• PROBLEM:
Every line of the material below in which "ezdxf" shows up is to be located and copied.

= Beginning of Section =

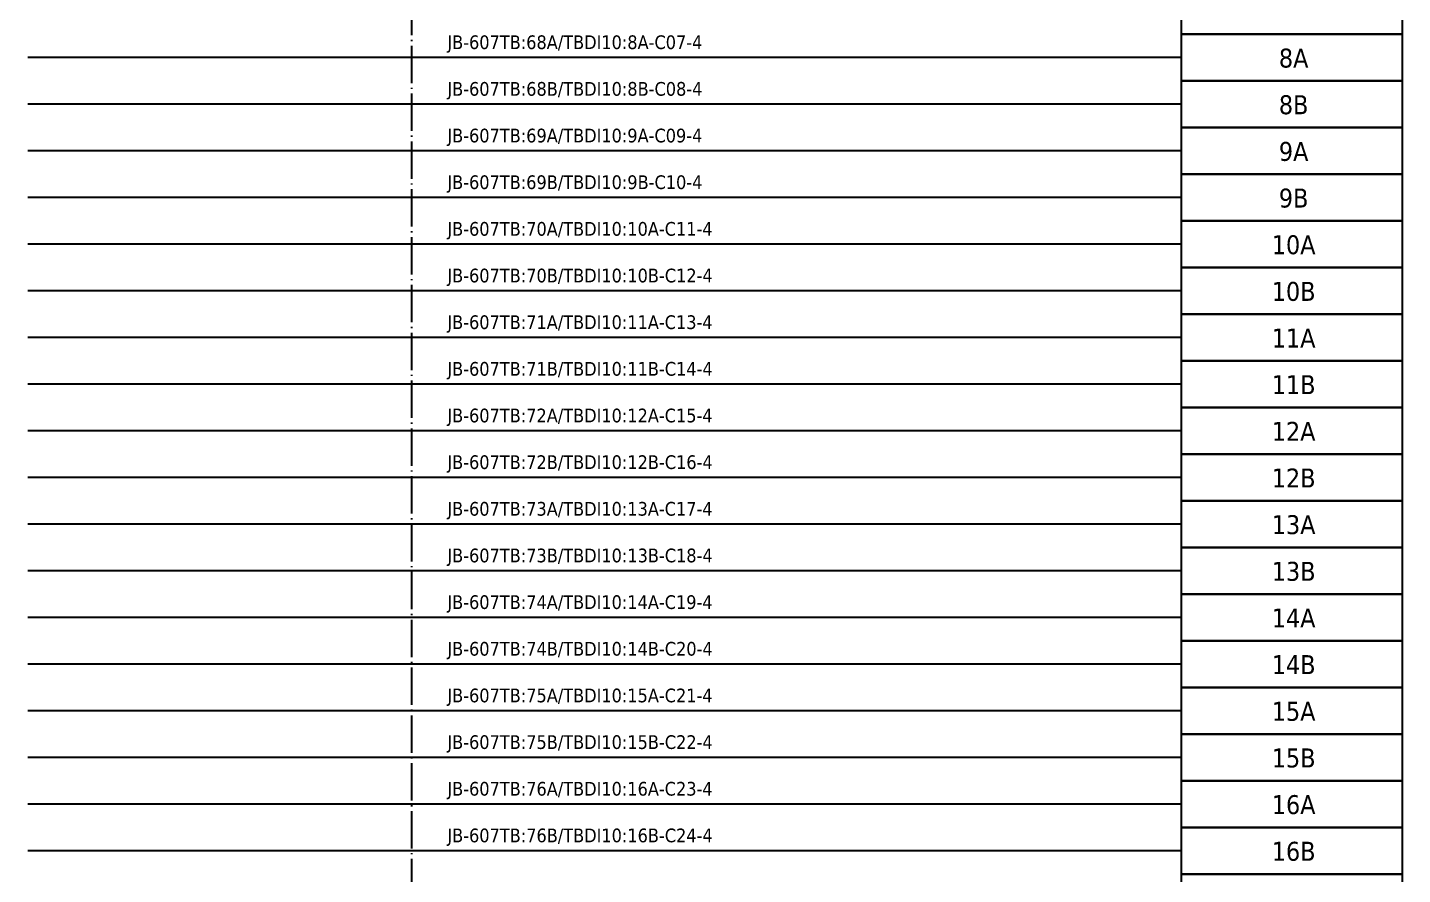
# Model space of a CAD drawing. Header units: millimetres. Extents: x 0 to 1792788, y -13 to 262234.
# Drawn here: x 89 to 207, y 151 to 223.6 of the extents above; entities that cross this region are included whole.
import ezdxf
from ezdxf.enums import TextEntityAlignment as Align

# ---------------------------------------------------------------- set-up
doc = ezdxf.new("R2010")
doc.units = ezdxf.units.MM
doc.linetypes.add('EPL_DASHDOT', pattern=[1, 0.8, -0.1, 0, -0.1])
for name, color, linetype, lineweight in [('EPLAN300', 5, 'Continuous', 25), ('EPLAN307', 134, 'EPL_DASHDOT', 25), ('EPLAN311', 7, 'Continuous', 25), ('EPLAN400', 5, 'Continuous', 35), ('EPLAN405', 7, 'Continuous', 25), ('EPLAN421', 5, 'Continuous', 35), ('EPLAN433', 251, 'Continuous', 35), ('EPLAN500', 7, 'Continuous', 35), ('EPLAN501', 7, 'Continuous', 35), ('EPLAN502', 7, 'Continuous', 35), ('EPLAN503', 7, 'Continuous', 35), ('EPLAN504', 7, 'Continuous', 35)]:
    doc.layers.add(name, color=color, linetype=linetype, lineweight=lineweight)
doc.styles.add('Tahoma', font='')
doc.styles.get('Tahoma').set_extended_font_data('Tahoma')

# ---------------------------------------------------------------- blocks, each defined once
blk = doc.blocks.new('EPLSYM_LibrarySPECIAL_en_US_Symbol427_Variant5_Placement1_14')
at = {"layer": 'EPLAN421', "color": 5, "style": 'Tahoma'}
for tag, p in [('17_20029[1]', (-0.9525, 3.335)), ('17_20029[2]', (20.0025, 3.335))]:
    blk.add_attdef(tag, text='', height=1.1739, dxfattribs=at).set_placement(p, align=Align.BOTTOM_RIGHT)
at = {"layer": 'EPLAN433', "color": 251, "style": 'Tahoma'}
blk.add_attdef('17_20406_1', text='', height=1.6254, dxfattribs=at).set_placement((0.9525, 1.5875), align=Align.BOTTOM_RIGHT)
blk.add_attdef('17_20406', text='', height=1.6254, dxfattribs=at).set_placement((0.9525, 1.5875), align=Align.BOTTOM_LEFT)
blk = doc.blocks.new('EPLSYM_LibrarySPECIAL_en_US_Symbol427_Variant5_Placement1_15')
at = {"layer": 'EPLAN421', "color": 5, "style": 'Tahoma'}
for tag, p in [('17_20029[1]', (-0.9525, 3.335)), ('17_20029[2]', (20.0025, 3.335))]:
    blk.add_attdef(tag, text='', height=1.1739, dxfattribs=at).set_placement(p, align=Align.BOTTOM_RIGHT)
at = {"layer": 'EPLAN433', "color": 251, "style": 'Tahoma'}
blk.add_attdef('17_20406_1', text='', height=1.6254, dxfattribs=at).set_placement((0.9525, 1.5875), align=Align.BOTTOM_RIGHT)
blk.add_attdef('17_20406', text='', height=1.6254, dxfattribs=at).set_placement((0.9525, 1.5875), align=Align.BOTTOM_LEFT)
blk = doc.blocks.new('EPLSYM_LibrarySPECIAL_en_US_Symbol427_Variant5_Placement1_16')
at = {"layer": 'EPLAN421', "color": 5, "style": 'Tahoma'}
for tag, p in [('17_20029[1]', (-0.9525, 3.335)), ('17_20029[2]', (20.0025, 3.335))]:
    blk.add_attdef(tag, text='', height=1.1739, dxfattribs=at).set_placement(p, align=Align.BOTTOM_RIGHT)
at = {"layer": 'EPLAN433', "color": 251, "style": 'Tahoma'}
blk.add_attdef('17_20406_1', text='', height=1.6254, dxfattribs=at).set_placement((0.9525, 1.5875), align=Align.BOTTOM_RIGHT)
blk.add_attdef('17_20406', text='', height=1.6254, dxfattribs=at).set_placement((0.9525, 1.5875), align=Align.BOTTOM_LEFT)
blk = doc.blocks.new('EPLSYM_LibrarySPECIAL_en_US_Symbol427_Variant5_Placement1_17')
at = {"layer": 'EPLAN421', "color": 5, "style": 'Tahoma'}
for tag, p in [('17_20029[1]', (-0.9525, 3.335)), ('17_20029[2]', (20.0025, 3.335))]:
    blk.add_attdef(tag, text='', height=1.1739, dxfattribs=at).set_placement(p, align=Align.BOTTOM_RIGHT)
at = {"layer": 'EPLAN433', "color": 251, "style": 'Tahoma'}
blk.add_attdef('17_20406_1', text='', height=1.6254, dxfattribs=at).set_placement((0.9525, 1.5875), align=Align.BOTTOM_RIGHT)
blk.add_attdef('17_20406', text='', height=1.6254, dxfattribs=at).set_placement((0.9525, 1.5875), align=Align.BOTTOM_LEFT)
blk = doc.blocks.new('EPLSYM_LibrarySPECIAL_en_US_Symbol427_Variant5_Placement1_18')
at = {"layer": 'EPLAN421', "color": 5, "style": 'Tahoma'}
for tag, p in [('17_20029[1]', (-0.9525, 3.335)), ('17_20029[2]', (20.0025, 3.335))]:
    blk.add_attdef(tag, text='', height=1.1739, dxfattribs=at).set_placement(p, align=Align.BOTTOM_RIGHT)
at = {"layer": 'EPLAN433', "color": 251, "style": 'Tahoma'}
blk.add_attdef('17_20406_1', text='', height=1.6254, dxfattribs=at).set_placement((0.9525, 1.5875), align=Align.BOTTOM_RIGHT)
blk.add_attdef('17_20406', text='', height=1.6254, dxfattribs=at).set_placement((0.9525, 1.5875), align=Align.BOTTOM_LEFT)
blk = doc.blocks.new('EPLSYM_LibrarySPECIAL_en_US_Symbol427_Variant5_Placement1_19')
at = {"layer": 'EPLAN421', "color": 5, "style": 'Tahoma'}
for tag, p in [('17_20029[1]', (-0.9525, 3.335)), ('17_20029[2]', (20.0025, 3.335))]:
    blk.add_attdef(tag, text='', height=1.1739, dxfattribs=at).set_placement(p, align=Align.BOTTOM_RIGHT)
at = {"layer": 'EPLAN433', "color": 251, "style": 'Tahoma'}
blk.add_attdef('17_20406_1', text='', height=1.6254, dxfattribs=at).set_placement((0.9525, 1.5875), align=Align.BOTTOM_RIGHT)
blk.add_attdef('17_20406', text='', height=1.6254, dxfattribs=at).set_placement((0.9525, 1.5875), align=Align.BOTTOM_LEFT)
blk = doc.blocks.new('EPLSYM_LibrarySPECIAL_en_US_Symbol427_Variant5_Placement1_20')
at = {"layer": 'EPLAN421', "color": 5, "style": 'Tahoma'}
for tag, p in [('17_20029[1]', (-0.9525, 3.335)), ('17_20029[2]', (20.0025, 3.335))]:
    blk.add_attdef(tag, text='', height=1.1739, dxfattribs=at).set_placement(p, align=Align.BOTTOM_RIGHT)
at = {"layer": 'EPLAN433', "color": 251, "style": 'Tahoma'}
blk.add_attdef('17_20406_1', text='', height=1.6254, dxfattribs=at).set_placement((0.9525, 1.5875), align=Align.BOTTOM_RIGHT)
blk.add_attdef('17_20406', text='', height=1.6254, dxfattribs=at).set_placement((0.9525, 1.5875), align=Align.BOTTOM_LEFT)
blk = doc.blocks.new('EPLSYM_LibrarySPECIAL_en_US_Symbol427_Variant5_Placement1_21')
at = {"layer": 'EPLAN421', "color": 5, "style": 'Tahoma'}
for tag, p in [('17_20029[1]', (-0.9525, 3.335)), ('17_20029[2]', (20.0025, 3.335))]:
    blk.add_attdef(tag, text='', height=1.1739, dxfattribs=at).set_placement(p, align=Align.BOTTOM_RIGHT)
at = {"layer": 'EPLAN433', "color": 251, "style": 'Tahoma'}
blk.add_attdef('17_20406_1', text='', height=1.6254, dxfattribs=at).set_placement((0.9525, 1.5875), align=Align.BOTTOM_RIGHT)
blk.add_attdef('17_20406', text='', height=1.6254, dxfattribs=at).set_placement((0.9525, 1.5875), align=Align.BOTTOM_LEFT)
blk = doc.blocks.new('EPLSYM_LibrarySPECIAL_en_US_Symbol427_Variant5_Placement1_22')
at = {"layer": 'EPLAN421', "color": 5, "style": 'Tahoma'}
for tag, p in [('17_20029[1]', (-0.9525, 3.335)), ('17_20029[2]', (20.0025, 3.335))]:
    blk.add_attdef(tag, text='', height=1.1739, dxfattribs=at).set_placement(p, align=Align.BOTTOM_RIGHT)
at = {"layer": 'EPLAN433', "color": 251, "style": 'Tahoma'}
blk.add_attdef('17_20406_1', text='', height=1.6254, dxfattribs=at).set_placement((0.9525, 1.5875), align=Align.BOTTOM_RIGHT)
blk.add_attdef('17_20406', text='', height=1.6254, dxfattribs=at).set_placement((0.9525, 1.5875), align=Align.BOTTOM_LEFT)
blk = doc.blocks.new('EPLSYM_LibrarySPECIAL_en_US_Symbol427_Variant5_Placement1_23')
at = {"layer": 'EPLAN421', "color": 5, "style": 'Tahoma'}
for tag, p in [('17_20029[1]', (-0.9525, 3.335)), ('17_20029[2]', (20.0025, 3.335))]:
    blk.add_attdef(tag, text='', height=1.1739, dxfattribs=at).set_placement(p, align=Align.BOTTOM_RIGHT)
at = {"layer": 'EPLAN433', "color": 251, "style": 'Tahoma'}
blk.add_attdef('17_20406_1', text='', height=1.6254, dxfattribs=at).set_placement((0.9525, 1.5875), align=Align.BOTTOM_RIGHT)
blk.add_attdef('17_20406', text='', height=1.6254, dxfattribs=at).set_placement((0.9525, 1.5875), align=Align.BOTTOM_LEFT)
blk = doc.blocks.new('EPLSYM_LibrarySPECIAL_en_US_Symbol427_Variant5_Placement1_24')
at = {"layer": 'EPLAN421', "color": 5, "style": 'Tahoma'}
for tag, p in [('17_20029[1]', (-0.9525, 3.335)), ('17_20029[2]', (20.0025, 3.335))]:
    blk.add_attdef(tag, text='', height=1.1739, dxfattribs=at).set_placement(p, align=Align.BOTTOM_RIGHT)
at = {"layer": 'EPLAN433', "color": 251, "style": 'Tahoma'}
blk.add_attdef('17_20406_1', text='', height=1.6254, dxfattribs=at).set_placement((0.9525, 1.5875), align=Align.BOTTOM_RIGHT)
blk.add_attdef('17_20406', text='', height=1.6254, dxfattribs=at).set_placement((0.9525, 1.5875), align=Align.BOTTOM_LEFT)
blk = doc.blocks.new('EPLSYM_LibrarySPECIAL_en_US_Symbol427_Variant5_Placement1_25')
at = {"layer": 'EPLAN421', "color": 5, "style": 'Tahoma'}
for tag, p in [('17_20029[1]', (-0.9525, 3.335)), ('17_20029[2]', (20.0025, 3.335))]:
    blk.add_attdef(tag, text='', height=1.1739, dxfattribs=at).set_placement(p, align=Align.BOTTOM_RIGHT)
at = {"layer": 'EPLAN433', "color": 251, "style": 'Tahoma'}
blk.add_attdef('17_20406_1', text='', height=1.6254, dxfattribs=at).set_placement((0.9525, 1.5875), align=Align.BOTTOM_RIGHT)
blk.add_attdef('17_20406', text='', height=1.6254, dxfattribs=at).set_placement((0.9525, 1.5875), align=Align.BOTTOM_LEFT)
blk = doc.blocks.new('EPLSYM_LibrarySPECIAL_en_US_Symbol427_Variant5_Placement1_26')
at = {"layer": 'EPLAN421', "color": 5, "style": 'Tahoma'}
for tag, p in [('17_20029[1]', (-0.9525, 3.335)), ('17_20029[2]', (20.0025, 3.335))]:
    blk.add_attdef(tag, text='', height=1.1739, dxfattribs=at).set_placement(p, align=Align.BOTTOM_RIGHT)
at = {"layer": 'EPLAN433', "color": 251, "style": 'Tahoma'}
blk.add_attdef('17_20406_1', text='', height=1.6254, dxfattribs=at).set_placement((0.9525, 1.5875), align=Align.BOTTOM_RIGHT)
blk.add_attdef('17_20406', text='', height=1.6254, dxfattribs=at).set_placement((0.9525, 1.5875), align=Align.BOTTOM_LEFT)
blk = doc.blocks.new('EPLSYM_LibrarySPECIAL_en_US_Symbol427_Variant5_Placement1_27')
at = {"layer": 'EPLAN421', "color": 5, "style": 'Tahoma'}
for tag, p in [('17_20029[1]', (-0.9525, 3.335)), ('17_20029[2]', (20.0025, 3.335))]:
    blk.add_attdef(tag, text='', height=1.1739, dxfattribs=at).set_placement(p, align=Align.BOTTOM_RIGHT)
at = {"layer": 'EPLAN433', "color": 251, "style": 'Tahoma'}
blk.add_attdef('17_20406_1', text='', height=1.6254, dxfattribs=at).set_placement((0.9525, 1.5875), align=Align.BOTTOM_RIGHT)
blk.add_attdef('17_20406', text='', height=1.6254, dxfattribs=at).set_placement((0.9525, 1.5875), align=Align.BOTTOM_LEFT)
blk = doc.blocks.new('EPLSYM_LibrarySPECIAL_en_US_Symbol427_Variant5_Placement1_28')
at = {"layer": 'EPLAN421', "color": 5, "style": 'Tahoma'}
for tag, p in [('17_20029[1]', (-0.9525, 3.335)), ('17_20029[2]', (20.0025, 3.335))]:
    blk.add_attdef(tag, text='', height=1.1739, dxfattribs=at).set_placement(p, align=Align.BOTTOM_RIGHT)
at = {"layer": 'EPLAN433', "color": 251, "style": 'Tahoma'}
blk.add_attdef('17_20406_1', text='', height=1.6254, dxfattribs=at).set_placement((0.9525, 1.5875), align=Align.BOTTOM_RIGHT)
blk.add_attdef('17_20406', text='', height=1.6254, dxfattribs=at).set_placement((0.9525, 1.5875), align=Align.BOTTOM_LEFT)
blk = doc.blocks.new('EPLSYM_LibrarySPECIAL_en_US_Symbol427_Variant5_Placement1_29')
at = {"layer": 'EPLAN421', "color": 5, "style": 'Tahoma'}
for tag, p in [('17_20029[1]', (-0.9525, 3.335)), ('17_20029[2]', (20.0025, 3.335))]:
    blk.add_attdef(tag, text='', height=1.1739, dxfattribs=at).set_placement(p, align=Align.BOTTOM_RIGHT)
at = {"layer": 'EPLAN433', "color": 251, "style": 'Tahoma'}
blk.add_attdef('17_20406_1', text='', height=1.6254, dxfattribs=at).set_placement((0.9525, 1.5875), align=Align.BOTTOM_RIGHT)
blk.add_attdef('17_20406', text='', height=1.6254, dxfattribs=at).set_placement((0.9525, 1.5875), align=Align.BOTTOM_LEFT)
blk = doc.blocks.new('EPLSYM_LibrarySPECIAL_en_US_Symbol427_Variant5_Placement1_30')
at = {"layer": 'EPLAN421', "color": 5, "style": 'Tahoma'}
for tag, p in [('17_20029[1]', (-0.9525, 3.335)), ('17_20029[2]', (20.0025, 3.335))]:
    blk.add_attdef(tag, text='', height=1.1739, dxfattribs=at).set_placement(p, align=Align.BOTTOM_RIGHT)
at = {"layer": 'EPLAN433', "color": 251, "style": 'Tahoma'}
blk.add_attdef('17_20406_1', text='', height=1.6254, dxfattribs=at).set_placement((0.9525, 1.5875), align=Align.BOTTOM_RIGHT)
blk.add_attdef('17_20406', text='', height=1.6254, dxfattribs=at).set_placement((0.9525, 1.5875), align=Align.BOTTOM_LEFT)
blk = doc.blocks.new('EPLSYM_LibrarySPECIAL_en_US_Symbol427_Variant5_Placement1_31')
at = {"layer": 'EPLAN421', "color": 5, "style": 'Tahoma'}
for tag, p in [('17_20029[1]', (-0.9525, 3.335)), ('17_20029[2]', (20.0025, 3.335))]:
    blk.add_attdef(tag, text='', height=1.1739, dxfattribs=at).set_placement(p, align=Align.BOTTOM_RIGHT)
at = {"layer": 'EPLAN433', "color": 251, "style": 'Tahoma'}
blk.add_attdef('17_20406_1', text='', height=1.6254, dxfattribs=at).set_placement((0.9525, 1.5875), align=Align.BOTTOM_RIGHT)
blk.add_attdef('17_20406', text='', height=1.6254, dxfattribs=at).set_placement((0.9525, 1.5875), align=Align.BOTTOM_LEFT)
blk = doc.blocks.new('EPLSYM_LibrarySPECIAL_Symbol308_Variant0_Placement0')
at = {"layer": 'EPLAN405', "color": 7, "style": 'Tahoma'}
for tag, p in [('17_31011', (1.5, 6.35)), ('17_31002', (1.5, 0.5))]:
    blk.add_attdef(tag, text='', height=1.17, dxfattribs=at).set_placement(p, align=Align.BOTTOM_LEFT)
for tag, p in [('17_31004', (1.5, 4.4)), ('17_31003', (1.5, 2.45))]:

= End of Section =

• ANSWER TO THIS PROBLEM:
import ezdxf
from ezdxf.enums import TextEntityAlignment as Align
doc = ezdxf.new("R2010")
doc.units = ezdxf.units.MM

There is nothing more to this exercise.